» What is required
Return the data below in full and exactly, except that the pictures are dropped.

BEGIN Data shown

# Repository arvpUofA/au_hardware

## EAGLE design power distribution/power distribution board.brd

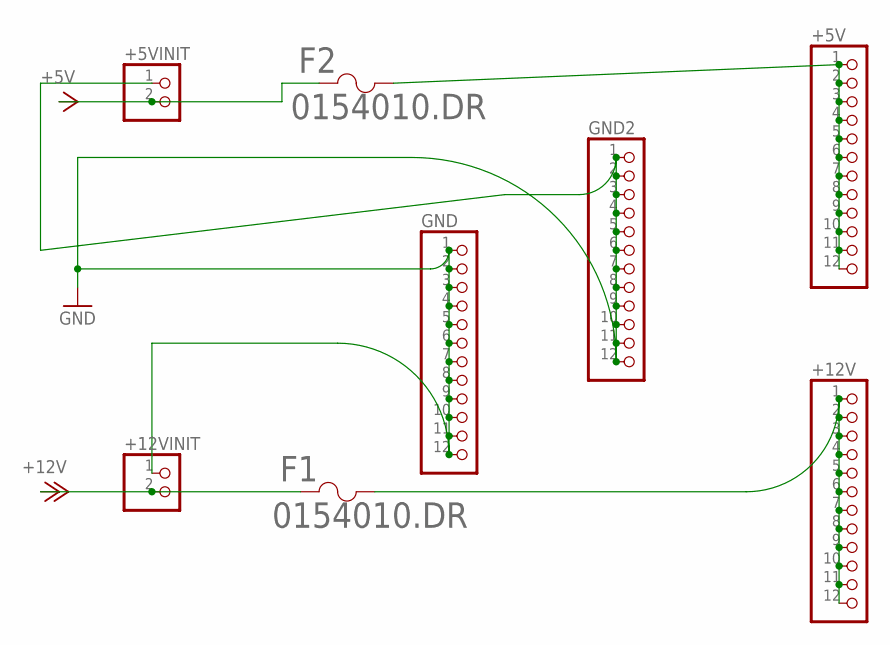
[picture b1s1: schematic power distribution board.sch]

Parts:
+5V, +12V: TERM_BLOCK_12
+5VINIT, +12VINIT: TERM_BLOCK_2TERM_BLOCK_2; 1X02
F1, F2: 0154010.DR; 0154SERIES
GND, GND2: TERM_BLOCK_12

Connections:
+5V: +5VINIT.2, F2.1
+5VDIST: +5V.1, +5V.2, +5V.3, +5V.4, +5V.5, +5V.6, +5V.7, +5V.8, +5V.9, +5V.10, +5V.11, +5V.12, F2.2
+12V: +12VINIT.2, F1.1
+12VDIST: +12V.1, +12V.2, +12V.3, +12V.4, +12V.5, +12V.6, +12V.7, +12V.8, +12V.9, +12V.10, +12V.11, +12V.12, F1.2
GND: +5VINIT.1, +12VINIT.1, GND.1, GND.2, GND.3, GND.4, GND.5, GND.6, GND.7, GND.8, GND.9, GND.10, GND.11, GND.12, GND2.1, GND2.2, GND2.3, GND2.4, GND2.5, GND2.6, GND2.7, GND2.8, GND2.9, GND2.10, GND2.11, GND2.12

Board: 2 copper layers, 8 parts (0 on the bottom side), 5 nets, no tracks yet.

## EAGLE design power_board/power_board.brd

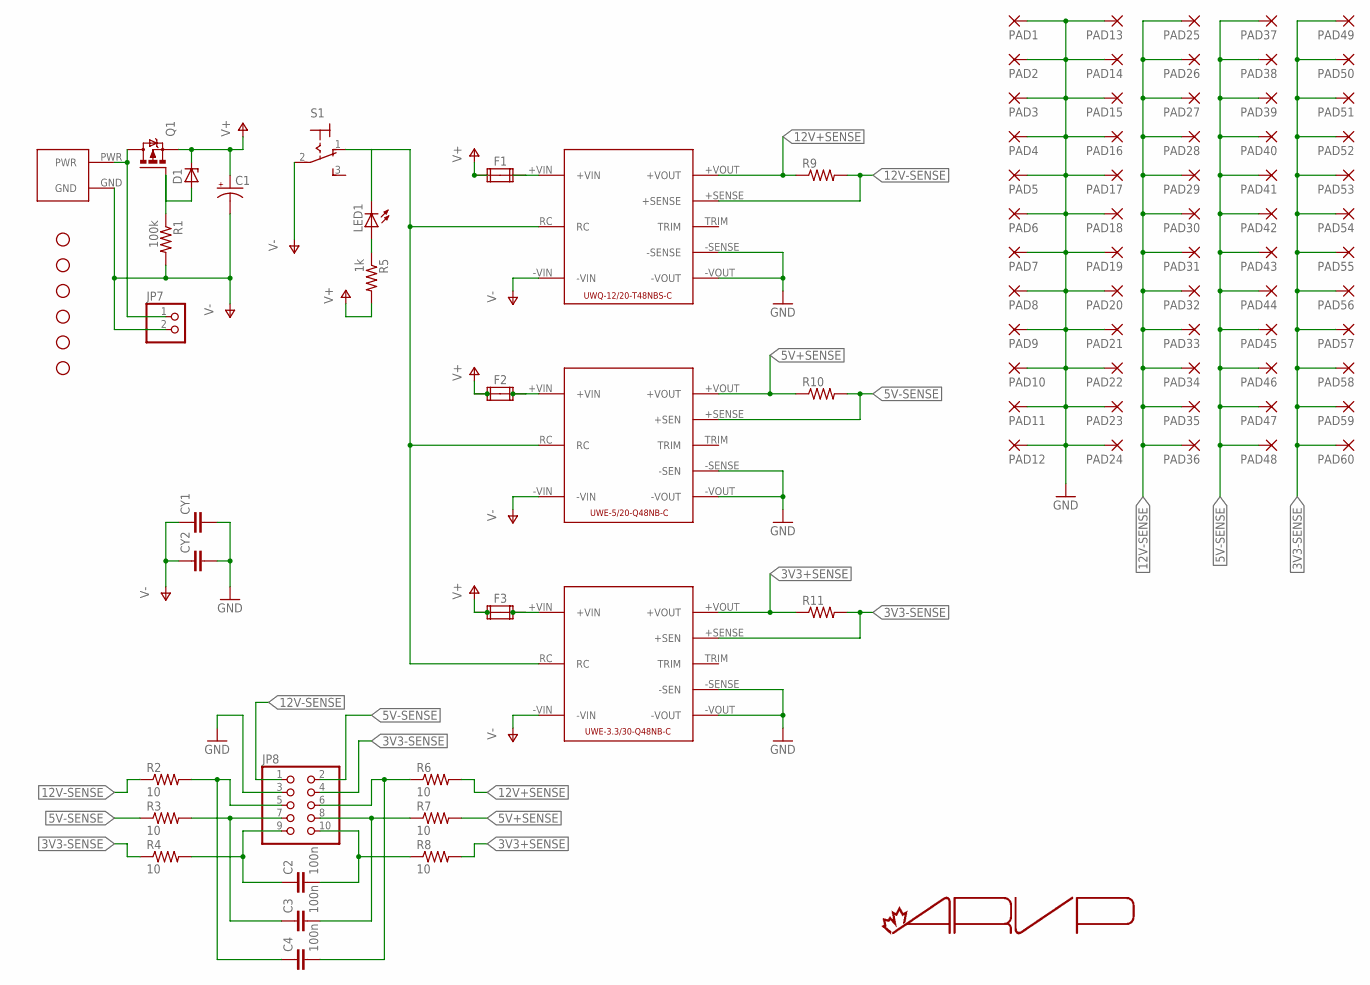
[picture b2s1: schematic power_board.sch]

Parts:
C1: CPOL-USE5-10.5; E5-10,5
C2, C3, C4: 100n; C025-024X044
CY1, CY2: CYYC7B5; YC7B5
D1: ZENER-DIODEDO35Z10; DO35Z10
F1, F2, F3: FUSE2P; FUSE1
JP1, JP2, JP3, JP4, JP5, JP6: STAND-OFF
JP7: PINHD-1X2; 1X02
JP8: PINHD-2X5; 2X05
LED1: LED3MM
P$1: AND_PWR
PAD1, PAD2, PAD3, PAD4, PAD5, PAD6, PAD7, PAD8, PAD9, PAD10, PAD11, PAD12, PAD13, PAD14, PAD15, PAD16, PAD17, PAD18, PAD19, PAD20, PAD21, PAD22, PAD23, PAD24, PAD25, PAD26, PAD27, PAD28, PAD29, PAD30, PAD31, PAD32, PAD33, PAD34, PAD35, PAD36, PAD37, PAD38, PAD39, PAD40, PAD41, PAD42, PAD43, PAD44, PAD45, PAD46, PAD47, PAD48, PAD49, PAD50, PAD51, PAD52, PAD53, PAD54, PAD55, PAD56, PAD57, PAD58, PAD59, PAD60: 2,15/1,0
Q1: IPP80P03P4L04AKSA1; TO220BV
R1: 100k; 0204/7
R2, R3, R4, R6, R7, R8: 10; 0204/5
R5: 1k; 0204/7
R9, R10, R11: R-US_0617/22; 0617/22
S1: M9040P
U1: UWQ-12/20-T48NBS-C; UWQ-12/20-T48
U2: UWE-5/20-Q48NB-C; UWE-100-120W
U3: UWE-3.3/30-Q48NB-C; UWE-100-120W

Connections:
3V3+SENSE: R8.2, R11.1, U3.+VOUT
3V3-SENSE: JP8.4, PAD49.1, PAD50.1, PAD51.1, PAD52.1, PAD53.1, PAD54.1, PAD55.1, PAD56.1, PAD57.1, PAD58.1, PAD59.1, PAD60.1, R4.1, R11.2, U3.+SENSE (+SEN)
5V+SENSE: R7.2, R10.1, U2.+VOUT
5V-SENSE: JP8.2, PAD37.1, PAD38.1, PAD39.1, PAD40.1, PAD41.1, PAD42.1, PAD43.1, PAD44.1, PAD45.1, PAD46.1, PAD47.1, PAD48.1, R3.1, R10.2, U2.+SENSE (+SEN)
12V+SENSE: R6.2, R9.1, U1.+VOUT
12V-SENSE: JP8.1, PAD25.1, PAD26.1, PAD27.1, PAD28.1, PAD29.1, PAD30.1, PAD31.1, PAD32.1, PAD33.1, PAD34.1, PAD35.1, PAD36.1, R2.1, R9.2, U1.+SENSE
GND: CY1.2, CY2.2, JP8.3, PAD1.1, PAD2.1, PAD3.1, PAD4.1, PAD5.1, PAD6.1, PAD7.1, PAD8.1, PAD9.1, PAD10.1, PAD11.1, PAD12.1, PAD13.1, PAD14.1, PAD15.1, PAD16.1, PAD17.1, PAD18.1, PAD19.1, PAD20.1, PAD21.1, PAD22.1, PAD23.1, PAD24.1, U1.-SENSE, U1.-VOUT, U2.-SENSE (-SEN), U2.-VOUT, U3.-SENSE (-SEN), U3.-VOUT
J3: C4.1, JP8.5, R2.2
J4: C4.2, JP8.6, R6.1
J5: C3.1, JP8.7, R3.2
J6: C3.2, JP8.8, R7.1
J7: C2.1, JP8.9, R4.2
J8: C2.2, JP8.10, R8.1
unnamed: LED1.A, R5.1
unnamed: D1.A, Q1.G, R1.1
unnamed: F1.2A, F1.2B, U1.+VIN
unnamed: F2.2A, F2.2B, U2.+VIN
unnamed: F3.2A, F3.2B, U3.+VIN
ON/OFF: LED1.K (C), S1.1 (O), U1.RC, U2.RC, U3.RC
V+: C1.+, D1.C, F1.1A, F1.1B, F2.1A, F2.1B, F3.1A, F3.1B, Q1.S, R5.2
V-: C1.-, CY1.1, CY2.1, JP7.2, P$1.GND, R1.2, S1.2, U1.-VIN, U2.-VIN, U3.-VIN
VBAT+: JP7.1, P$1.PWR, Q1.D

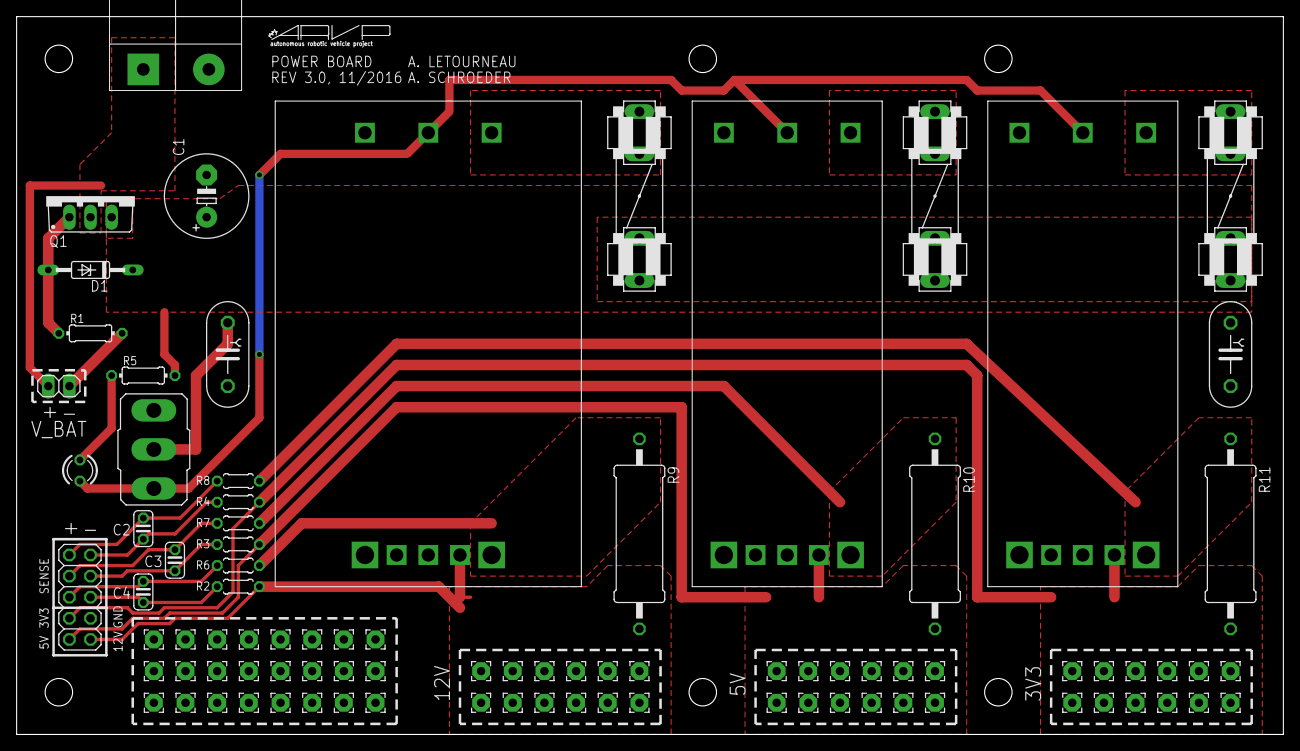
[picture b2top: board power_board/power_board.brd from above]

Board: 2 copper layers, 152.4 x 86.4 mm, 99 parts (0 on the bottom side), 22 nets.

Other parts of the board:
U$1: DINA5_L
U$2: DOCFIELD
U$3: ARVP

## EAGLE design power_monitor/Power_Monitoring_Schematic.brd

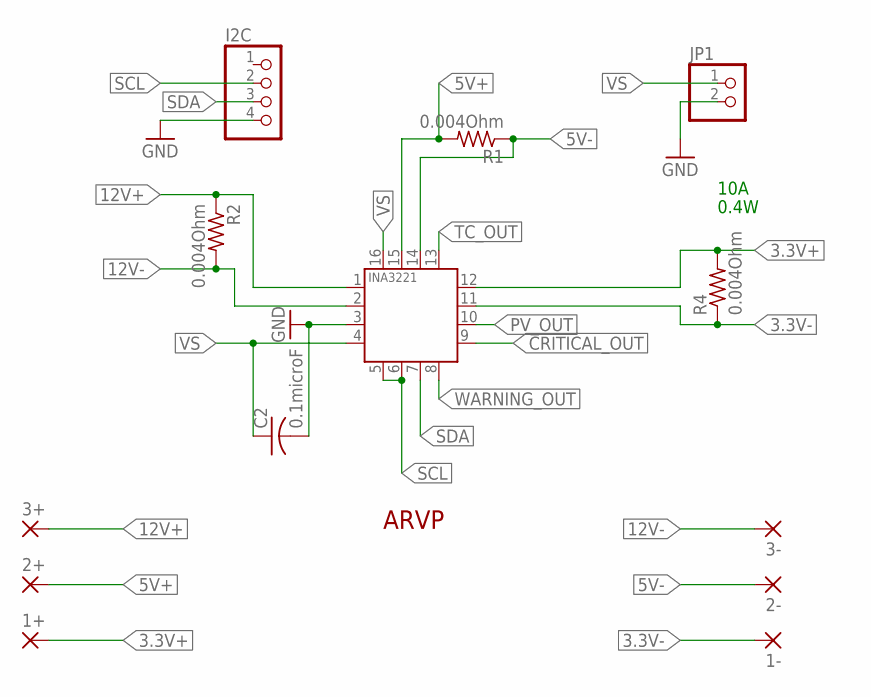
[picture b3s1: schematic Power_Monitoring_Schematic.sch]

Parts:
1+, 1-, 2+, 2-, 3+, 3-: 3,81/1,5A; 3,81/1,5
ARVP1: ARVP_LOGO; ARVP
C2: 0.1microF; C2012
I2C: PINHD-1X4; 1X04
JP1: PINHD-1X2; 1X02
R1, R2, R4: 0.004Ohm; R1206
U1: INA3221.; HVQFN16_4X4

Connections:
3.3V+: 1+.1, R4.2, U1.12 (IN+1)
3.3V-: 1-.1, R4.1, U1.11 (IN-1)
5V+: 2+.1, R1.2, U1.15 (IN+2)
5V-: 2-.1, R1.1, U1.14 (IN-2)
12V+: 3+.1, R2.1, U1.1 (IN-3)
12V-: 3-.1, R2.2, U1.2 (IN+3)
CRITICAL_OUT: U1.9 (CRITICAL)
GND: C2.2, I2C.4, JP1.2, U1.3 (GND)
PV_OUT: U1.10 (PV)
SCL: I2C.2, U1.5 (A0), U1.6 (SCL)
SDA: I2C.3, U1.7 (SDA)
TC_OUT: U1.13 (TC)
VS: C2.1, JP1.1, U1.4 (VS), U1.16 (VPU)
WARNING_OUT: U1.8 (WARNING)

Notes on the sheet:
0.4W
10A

END Data shown

» Expected answer
# Repository arvpUofA/au_hardware

## EAGLE design power distribution/power distribution board.brd

[picture b1s1: schematic power distribution board.sch]

Parts:
+5V, +12V: TERM_BLOCK_12
+5VINIT, +12VINIT: TERM_BLOCK_2TERM_BLOCK_2; 1X02
F1, F2: 0154010.DR; 0154SERIES
GND, GND2: TERM_BLOCK_12

Connections:
+5V: +5VINIT.2, F2.1
+5VDIST: +5V.1, +5V.2, +5V.3, +5V.4, +5V.5, +5V.6, +5V.7, +5V.8, +5V.9, +5V.10, +5V.11, +5V.12, F2.2
+12V: +12VINIT.2, F1.1
+12VDIST: +12V.1, +12V.2, +12V.3, +12V.4, +12V.5, +12V.6, +12V.7, +12V.8, +12V.9, +12V.10, +12V.11, +12V.12, F1.2
GND: +5VINIT.1, +12VINIT.1, GND.1, GND.2, GND.3, GND.4, GND.5, GND.6, GND.7, GND.8, GND.9, GND.10, GND.11, GND.12, GND2.1, GND2.2, GND2.3, GND2.4, GND2.5, GND2.6, GND2.7, GND2.8, GND2.9, GND2.10, GND2.11, GND2.12

Board: 2 copper layers, 8 parts (0 on the bottom side), 5 nets, no tracks yet.

## EAGLE design power_board/power_board.brd

[picture b2s1: schematic power_board.sch]

Parts:
C1: CPOL-USE5-10.5; E5-10,5
C2, C3, C4: 100n; C025-024X044
CY1, CY2: CYYC7B5; YC7B5
D1: ZENER-DIODEDO35Z10; DO35Z10
F1, F2, F3: FUSE2P; FUSE1
JP1, JP2, JP3, JP4, JP5, JP6: STAND-OFF
JP7: PINHD-1X2; 1X02
JP8: PINHD-2X5; 2X05
LED1: LED3MM
P$1: AND_PWR
PAD1, PAD2, PAD3, PAD4, PAD5, PAD6, PAD7, PAD8, PAD9, PAD10, PAD11, PAD12, PAD13, PAD14, PAD15, PAD16, PAD17, PAD18, PAD19, PAD20, PAD21, PAD22, PAD23, PAD24, PAD25, PAD26, PAD27, PAD28, PAD29, PAD30, PAD31, PAD32, PAD33, PAD34, PAD35, PAD36, PAD37, PAD38, PAD39, PAD40, PAD41, PAD42, PAD43, PAD44, PAD45, PAD46, PAD47, PAD48, PAD49, PAD50, PAD51, PAD52, PAD53, PAD54, PAD55, PAD56, PAD57, PAD58, PAD59, PAD60: 2,15/1,0
Q1: IPP80P03P4L04AKSA1; TO220BV
R1: 100k; 0204/7
R2, R3, R4, R6, R7, R8: 10; 0204/5
R5: 1k; 0204/7
R9, R10, R11: R-US_0617/22; 0617/22
S1: M9040P
U1: UWQ-12/20-T48NBS-C; UWQ-12/20-T48
U2: UWE-5/20-Q48NB-C; UWE-100-120W
U3: UWE-3.3/30-Q48NB-C; UWE-100-120W

Connections:
3V3+SENSE: R8.2, R11.1, U3.+VOUT
3V3-SENSE: JP8.4, PAD49.1, PAD50.1, PAD51.1, PAD52.1, PAD53.1, PAD54.1, PAD55.1, PAD56.1, PAD57.1, PAD58.1, PAD59.1, PAD60.1, R4.1, R11.2, U3.+SENSE (+SEN)
5V+SENSE: R7.2, R10.1, U2.+VOUT
5V-SENSE: JP8.2, PAD37.1, PAD38.1, PAD39.1, PAD40.1, PAD41.1, PAD42.1, PAD43.1, PAD44.1, PAD45.1, PAD46.1, PAD47.1, PAD48.1, R3.1, R10.2, U2.+SENSE (+SEN)
12V+SENSE: R6.2, R9.1, U1.+VOUT
12V-SENSE: JP8.1, PAD25.1, PAD26.1, PAD27.1, PAD28.1, PAD29.1, PAD30.1, PAD31.1, PAD32.1, PAD33.1, PAD34.1, PAD35.1, PAD36.1, R2.1, R9.2, U1.+SENSE
GND: CY1.2, CY2.2, JP8.3, PAD1.1, PAD2.1, PAD3.1, PAD4.1, PAD5.1, PAD6.1, PAD7.1, PAD8.1, PAD9.1, PAD10.1, PAD11.1, PAD12.1, PAD13.1, PAD14.1, PAD15.1, PAD16.1, PAD17.1, PAD18.1, PAD19.1, PAD20.1, PAD21.1, PAD22.1, PAD23.1, PAD24.1, U1.-SENSE, U1.-VOUT, U2.-SENSE (-SEN), U2.-VOUT, U3.-SENSE (-SEN), U3.-VOUT
J3: C4.1, JP8.5, R2.2
J4: C4.2, JP8.6, R6.1
J5: C3.1, JP8.7, R3.2
J6: C3.2, JP8.8, R7.1
J7: C2.1, JP8.9, R4.2
J8: C2.2, JP8.10, R8.1
unnamed: LED1.A, R5.1
unnamed: D1.A, Q1.G, R1.1
unnamed: F1.2A, F1.2B, U1.+VIN
unnamed: F2.2A, F2.2B, U2.+VIN
unnamed: F3.2A, F3.2B, U3.+VIN
ON/OFF: LED1.K (C), S1.1 (O), U1.RC, U2.RC, U3.RC
V+: C1.+, D1.C, F1.1A, F1.1B, F2.1A, F2.1B, F3.1A, F3.1B, Q1.S, R5.2
V-: C1.-, CY1.1, CY2.1, JP7.2, P$1.GND, R1.2, S1.2, U1.-VIN, U2.-VIN, U3.-VIN
VBAT+: JP7.1, P$1.PWR, Q1.D

[picture b2top: board power_board/power_board.brd from above]

Board: 2 copper layers, 152.4 x 86.4 mm, 99 parts (0 on the bottom side), 22 nets.

Other parts of the board:
U$1: DINA5_L
U$2: DOCFIELD
U$3: ARVP

## EAGLE design power_monitor/Power_Monitoring_Schematic.brd

[picture b3s1: schematic Power_Monitoring_Schematic.sch]

Parts:
1+, 1-, 2+, 2-, 3+, 3-: 3,81/1,5A; 3,81/1,5
ARVP1: ARVP_LOGO; ARVP
C2: 0.1microF; C2012
I2C: PINHD-1X4; 1X04
JP1: PINHD-1X2; 1X02
R1, R2, R4: 0.004Ohm; R1206
U1: INA3221.; HVQFN16_4X4

Connections:
3.3V+: 1+.1, R4.2, U1.12 (IN+1)
3.3V-: 1-.1, R4.1, U1.11 (IN-1)
5V+: 2+.1, R1.2, U1.15 (IN+2)
5V-: 2-.1, R1.1, U1.14 (IN-2)
12V+: 3+.1, R2.1, U1.1 (IN-3)
12V-: 3-.1, R2.2, U1.2 (IN+3)
CRITICAL_OUT: U1.9 (CRITICAL)
GND: C2.2, I2C.4, JP1.2, U1.3 (GND)
PV_OUT: U1.10 (PV)
SCL: I2C.2, U1.5 (A0), U1.6 (SCL)
SDA: I2C.3, U1.7 (SDA)
TC_OUT: U1.13 (TC)
VS: C2.1, JP1.1, U1.4 (VS), U1.16 (VPU)
WARNING_OUT: U1.8 (WARNING)

Notes on the sheet:
0.4W
10A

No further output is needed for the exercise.